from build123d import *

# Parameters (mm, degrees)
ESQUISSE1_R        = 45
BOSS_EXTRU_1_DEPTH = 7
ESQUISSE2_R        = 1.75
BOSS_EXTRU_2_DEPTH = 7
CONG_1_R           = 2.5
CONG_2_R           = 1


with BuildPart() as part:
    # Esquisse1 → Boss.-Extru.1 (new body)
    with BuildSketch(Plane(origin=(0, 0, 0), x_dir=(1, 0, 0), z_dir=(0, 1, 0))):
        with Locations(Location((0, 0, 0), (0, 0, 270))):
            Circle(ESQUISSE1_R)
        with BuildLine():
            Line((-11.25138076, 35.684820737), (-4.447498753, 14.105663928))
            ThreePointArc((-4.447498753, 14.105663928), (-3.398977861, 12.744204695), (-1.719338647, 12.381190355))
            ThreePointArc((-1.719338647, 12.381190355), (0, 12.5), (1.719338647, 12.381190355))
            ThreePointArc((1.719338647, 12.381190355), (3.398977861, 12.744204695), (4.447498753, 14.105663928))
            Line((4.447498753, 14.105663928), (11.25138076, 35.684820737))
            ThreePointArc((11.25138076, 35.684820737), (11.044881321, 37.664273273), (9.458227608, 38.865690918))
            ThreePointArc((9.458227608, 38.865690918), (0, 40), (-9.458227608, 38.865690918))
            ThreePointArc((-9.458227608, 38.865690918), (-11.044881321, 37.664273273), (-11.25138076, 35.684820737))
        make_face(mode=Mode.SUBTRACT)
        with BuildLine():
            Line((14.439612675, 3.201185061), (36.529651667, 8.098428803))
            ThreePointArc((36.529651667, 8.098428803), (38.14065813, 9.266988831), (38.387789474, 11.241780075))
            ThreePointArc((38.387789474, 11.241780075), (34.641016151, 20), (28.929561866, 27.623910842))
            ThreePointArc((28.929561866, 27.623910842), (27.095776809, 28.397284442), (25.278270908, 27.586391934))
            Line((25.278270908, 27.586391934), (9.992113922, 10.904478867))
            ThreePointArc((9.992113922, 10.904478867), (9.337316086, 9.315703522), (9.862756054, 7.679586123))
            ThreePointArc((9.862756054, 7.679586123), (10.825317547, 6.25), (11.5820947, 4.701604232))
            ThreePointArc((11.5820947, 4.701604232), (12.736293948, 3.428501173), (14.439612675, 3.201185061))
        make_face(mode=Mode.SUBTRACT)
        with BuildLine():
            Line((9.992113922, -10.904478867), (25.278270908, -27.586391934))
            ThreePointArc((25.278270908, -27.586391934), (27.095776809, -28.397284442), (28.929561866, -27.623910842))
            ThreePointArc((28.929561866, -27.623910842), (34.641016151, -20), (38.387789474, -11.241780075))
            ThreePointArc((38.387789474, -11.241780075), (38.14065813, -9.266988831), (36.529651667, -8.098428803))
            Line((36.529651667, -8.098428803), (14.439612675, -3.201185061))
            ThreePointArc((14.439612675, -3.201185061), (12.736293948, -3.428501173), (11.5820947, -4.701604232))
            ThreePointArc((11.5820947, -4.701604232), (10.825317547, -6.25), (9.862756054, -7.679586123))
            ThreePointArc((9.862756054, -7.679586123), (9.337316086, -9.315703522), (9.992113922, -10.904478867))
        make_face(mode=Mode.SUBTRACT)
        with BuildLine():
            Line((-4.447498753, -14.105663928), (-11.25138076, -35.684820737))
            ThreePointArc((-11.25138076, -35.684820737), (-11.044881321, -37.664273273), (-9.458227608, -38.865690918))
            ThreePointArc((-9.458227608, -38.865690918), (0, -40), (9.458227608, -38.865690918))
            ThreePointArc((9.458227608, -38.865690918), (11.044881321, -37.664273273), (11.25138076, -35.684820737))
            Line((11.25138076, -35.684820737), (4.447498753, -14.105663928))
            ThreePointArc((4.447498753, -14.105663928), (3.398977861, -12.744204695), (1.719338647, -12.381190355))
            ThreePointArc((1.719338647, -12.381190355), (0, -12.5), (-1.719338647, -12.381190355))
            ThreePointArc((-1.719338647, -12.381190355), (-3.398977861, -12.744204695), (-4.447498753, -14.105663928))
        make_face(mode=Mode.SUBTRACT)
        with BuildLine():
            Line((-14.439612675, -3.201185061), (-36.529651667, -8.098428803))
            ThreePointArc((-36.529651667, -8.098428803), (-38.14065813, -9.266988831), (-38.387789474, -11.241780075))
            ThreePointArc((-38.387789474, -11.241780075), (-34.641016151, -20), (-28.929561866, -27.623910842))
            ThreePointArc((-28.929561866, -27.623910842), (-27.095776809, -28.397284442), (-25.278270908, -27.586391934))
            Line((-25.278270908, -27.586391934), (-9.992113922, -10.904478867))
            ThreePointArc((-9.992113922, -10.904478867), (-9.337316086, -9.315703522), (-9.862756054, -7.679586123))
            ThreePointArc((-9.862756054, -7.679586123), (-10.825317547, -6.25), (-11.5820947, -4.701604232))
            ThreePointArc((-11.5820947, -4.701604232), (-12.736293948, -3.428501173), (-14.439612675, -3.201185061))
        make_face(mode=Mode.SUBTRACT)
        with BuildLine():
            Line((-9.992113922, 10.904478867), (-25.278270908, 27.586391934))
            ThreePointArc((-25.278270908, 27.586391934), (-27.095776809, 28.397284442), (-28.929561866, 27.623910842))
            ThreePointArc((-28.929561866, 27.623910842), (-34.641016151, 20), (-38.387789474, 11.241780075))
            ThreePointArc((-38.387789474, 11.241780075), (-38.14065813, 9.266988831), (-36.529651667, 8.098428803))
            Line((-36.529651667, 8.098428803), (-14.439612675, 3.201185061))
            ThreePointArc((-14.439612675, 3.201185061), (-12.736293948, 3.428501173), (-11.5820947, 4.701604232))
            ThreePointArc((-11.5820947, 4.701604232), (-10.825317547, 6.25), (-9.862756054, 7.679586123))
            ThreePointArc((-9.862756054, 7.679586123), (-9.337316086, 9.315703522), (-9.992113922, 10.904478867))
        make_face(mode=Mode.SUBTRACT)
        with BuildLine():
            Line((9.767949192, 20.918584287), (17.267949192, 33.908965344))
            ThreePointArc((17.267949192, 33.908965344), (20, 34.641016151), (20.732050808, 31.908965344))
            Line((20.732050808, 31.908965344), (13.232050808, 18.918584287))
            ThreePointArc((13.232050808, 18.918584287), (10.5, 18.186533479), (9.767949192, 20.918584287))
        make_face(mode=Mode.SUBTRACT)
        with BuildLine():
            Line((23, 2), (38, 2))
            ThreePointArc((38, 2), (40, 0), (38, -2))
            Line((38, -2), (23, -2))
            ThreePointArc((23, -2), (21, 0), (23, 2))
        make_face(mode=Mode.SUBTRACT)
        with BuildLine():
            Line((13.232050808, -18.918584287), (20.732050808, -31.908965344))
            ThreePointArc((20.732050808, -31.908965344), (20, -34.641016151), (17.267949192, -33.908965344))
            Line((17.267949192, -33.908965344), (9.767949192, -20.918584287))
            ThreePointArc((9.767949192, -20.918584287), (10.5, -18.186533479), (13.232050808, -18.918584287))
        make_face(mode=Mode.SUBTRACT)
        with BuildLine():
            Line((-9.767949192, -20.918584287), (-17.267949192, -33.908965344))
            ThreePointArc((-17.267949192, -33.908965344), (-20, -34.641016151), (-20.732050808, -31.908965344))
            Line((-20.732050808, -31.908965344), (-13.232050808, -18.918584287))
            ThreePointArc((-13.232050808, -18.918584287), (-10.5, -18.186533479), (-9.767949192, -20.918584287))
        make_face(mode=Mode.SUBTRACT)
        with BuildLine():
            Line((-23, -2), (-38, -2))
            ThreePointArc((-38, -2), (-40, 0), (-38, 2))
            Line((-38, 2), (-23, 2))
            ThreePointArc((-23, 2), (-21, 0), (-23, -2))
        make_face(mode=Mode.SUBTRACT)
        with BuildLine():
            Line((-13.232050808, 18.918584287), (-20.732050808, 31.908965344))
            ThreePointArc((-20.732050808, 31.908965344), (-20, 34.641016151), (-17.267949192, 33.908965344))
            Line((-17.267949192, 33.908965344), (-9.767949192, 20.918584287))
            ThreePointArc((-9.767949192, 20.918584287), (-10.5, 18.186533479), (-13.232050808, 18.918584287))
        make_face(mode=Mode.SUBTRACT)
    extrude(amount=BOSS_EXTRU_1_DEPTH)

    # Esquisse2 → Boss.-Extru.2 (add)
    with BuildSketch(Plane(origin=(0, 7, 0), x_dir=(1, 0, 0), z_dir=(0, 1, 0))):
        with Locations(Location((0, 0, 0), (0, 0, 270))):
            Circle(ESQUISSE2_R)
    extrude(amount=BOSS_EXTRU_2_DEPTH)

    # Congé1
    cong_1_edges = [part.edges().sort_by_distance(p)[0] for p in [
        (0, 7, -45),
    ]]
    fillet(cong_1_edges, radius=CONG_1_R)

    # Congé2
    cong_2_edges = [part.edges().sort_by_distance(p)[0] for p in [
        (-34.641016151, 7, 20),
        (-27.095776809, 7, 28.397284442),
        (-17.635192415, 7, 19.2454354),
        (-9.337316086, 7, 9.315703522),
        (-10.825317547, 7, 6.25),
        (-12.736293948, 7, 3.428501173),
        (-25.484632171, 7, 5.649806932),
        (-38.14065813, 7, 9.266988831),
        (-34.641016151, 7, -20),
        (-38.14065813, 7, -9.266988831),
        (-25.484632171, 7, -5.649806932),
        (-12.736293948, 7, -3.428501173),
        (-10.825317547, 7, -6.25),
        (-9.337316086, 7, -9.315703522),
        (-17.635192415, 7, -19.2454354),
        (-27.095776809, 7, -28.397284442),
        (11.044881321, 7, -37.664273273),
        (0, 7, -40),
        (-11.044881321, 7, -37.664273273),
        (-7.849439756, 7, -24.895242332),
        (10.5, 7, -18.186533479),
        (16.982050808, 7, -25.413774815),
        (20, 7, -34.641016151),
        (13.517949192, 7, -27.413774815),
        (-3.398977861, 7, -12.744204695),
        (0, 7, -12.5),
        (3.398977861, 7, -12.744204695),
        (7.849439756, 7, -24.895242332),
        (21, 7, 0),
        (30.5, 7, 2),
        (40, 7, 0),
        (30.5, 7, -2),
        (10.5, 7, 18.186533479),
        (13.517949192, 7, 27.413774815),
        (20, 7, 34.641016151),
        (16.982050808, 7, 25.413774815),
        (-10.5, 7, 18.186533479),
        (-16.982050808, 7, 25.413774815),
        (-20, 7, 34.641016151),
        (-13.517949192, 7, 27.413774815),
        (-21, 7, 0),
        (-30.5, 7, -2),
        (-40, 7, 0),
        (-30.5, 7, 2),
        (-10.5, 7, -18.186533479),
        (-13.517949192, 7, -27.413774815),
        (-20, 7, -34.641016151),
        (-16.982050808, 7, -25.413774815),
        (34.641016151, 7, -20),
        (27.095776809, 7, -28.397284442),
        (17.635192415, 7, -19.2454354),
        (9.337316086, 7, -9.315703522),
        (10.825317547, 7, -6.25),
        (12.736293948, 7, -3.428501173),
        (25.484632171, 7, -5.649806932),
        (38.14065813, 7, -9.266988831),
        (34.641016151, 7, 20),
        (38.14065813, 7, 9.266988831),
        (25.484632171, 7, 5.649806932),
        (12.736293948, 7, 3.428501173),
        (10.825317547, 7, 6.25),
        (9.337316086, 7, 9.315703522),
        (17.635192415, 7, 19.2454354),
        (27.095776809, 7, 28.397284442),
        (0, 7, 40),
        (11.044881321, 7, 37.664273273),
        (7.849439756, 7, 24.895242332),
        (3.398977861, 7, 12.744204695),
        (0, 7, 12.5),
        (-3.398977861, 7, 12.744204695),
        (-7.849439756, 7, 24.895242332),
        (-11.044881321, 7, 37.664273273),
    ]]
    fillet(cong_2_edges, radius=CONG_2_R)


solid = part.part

:: Aim of the exercise ::
Find where the line with "3.428501173), (-11.5820947, 4.701604232))" sits in the material above, then copy exactly from it through the line with "-34.641016151), (17.267949192, -33.908965344))". Add no other line.

:: Solution below ::
            ThreePointArc((-14.439612675, 3.201185061), (-12.736293948, 3.428501173), (-11.5820947, 4.701604232))
            ThreePointArc((-11.5820947, 4.701604232), (-10.825317547, 6.25), (-9.862756054, 7.679586123))
            ThreePointArc((-9.862756054, 7.679586123), (-9.337316086, 9.315703522), (-9.992113922, 10.904478867))
        make_face(mode=Mode.SUBTRACT)
        with BuildLine():
            Line((9.767949192, 20.918584287), (17.267949192, 33.908965344))
            ThreePointArc((17.267949192, 33.908965344), (20, 34.641016151), (20.732050808, 31.908965344))
            Line((20.732050808, 31.908965344), (13.232050808, 18.918584287))
            ThreePointArc((13.232050808, 18.918584287), (10.5, 18.186533479), (9.767949192, 20.918584287))
        make_face(mode=Mode.SUBTRACT)
        with BuildLine():
            Line((23, 2), (38, 2))
            ThreePointArc((38, 2), (40, 0), (38, -2))
            Line((38, -2), (23, -2))
            ThreePointArc((23, -2), (21, 0), (23, 2))
        make_face(mode=Mode.SUBTRACT)
        with BuildLine():
            Line((13.232050808, -18.918584287), (20.732050808, -31.908965344))
            ThreePointArc((20.732050808, -31.908965344), (20, -34.641016151), (17.267949192, -33.908965344))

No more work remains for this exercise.